# Teaser or progress on my South Bend Refurb



## Charley Davidson (Apr 26, 2013)

I hand stripped the ole girl and painted her, I almost have her back together. She's a 1919 13" South Bend


----------



## Ulma Doctor (Apr 27, 2013)

lookin' good!
what are you looking to do to her next???


----------



## Charley Davidson (Apr 27, 2013)

use it


----------



## Old Iron (Apr 27, 2013)

Looking good Charley have you got a belt for the old gal? If not I mite be able to help you out with a Leather belt if you get the measurement.
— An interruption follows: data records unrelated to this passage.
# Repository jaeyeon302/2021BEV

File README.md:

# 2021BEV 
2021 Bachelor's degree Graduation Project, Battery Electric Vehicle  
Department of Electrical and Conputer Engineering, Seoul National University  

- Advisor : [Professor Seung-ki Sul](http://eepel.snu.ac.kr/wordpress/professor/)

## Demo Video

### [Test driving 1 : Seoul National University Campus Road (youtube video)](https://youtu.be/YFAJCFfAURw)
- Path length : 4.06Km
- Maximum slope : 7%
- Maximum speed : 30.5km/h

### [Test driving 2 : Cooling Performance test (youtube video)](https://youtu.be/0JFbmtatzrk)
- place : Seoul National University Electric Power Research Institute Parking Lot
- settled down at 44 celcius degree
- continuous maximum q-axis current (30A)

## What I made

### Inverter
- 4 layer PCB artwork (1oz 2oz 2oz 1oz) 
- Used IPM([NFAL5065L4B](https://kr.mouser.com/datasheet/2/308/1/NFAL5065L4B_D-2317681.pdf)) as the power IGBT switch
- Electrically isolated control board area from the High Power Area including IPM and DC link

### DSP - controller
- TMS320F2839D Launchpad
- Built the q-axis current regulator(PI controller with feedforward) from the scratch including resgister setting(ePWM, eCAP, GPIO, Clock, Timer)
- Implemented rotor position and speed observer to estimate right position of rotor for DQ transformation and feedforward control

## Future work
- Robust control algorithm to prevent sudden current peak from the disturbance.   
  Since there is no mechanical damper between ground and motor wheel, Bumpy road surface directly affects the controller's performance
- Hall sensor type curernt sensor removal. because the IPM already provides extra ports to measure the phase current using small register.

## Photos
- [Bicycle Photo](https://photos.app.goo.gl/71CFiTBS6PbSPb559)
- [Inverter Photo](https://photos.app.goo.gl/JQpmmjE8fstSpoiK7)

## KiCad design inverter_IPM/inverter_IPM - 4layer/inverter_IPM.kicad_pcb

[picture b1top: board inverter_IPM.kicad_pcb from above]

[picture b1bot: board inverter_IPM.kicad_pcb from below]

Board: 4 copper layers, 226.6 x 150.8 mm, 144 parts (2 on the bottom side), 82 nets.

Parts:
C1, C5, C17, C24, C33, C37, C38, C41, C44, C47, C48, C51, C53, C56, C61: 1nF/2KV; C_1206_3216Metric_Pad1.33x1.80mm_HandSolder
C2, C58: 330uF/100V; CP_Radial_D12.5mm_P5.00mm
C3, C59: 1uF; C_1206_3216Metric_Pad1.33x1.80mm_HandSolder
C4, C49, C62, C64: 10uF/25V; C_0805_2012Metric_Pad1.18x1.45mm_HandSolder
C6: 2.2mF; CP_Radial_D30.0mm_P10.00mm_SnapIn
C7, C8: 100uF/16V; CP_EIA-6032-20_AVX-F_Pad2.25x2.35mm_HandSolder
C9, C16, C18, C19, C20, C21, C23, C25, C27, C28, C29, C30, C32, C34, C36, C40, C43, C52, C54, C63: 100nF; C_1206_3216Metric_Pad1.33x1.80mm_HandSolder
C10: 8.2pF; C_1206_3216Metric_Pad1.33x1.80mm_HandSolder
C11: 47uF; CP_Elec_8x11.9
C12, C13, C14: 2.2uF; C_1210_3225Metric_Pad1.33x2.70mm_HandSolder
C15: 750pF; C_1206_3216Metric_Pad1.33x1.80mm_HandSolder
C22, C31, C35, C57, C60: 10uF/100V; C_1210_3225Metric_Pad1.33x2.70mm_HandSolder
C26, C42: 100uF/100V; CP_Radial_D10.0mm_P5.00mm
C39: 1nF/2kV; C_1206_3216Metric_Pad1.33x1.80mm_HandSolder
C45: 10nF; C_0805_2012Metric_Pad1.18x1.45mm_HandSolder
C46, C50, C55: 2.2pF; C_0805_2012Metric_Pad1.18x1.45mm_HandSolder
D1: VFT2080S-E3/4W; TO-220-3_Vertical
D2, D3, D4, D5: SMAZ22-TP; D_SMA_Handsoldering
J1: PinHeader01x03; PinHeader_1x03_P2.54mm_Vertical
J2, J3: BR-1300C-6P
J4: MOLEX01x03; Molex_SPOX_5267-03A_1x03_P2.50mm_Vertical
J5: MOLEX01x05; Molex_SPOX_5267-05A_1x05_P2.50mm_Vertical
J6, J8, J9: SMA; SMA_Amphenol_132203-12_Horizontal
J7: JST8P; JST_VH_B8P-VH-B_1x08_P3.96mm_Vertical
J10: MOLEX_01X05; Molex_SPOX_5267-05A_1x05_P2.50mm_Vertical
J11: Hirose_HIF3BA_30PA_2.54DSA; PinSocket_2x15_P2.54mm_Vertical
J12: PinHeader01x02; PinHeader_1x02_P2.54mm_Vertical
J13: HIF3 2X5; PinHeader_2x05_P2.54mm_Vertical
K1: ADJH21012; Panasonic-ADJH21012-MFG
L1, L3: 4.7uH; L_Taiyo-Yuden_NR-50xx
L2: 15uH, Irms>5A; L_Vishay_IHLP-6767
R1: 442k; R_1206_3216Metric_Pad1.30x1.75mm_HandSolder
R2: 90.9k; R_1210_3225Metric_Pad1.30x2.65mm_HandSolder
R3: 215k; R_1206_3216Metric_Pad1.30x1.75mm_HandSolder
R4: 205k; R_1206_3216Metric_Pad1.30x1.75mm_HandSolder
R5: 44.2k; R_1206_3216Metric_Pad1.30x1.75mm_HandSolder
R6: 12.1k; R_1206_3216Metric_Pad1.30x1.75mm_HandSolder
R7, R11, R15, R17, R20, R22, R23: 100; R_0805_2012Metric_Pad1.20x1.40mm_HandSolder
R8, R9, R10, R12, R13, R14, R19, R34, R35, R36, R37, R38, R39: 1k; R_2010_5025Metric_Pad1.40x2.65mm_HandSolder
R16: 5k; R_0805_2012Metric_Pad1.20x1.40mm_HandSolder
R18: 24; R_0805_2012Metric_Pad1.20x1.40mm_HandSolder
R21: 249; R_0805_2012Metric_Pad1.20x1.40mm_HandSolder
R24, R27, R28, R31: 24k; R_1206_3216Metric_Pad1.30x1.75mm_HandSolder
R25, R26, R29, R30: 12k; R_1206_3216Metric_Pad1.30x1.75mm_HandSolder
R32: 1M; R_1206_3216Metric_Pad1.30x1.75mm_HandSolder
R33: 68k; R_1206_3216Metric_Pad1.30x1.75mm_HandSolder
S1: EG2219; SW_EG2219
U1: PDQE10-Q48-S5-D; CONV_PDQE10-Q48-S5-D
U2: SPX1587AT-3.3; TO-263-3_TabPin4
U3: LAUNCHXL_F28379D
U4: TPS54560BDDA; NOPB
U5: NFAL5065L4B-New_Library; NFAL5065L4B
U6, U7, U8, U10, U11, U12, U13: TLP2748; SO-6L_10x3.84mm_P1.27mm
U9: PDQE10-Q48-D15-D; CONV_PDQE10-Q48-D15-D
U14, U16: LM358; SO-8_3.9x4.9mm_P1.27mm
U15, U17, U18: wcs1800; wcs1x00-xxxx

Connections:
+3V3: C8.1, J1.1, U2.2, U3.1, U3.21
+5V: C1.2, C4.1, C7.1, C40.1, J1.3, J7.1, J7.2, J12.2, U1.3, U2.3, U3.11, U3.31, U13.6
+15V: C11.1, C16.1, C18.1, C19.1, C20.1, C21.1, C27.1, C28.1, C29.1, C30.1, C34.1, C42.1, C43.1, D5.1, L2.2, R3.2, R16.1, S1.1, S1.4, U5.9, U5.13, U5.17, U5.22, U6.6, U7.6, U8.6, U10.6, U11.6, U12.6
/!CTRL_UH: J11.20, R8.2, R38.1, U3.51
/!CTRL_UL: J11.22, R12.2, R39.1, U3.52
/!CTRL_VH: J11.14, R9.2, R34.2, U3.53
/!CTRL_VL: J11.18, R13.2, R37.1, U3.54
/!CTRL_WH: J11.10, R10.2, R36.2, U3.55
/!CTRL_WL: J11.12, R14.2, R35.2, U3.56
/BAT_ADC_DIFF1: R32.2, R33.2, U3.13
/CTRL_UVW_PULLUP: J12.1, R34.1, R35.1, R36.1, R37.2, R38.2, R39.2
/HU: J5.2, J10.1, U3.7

I have one off my 13" I could cut down if needed and lace back it could go in the box I'll be sending.. I think it is 63 1/2" long now.

Paul


----------



## Charley Davidson (Apr 27, 2013)

Old Iron said:


> Looking good Charley have you got a belt for the old gal? If not I mite be able to help you out with a Leather belt if you get the measurement.
> 
> I have one off my 13" I could cut down if needed and lace back it could go in the box I'll be sending.. I think it is 63 1/2" long now.
> 
> Paul



thanks Paul but it came with a belt all the bolts are there.


----------



## Charley Davidson (Apr 27, 2013)

Here's some better pics. I got her assembled enough to turn her on and get her spinning but have to take some of the motor mount assembly back apart as I put a shaft in backwards and left out some motor spacers, seems they need them to be able to tighten the leather belt which is too long (73" & needs at least 3-5" taken off). I need to do a little more assembly & tighten some stuff & level her. Gotta touch up some paint in spots I missed and remove some paint in places I didn't want paint. Need to make a mount for the switch.


----------



## November X-ray (Apr 27, 2013)

Looking Good Charley, Thanks for sharing!


----------



## Ulma Doctor (Apr 27, 2013)

nice...that's a sweet set up Charlie!
i often wondered about about applying an adjuster similar to a serpentine belt tensioner on a car, but with a lot less spring to it.


----------



## LW Hiway (May 2, 2013)

> i often wondered about about applying an adjuster similar to a serpentine belt tensioner on a car, but with a lot less spring to it.


Doc, there are serpentine tensioners that have internal dampners to keep bounce to a minimum. In particular, the same tensioner that is found on a Merc of say around 2006 works just fine on a belt driven project turning my wood lathe. Very easy to set up and easier to set a good realm of tension to have it work in.

I did have to machine a larger pulley for it as my flatbelt was a good 2" in width, but works just great. I think 'elastomeric'????? tensioners is what they are called. Not sure, maybe just making up my own words here. lol


----------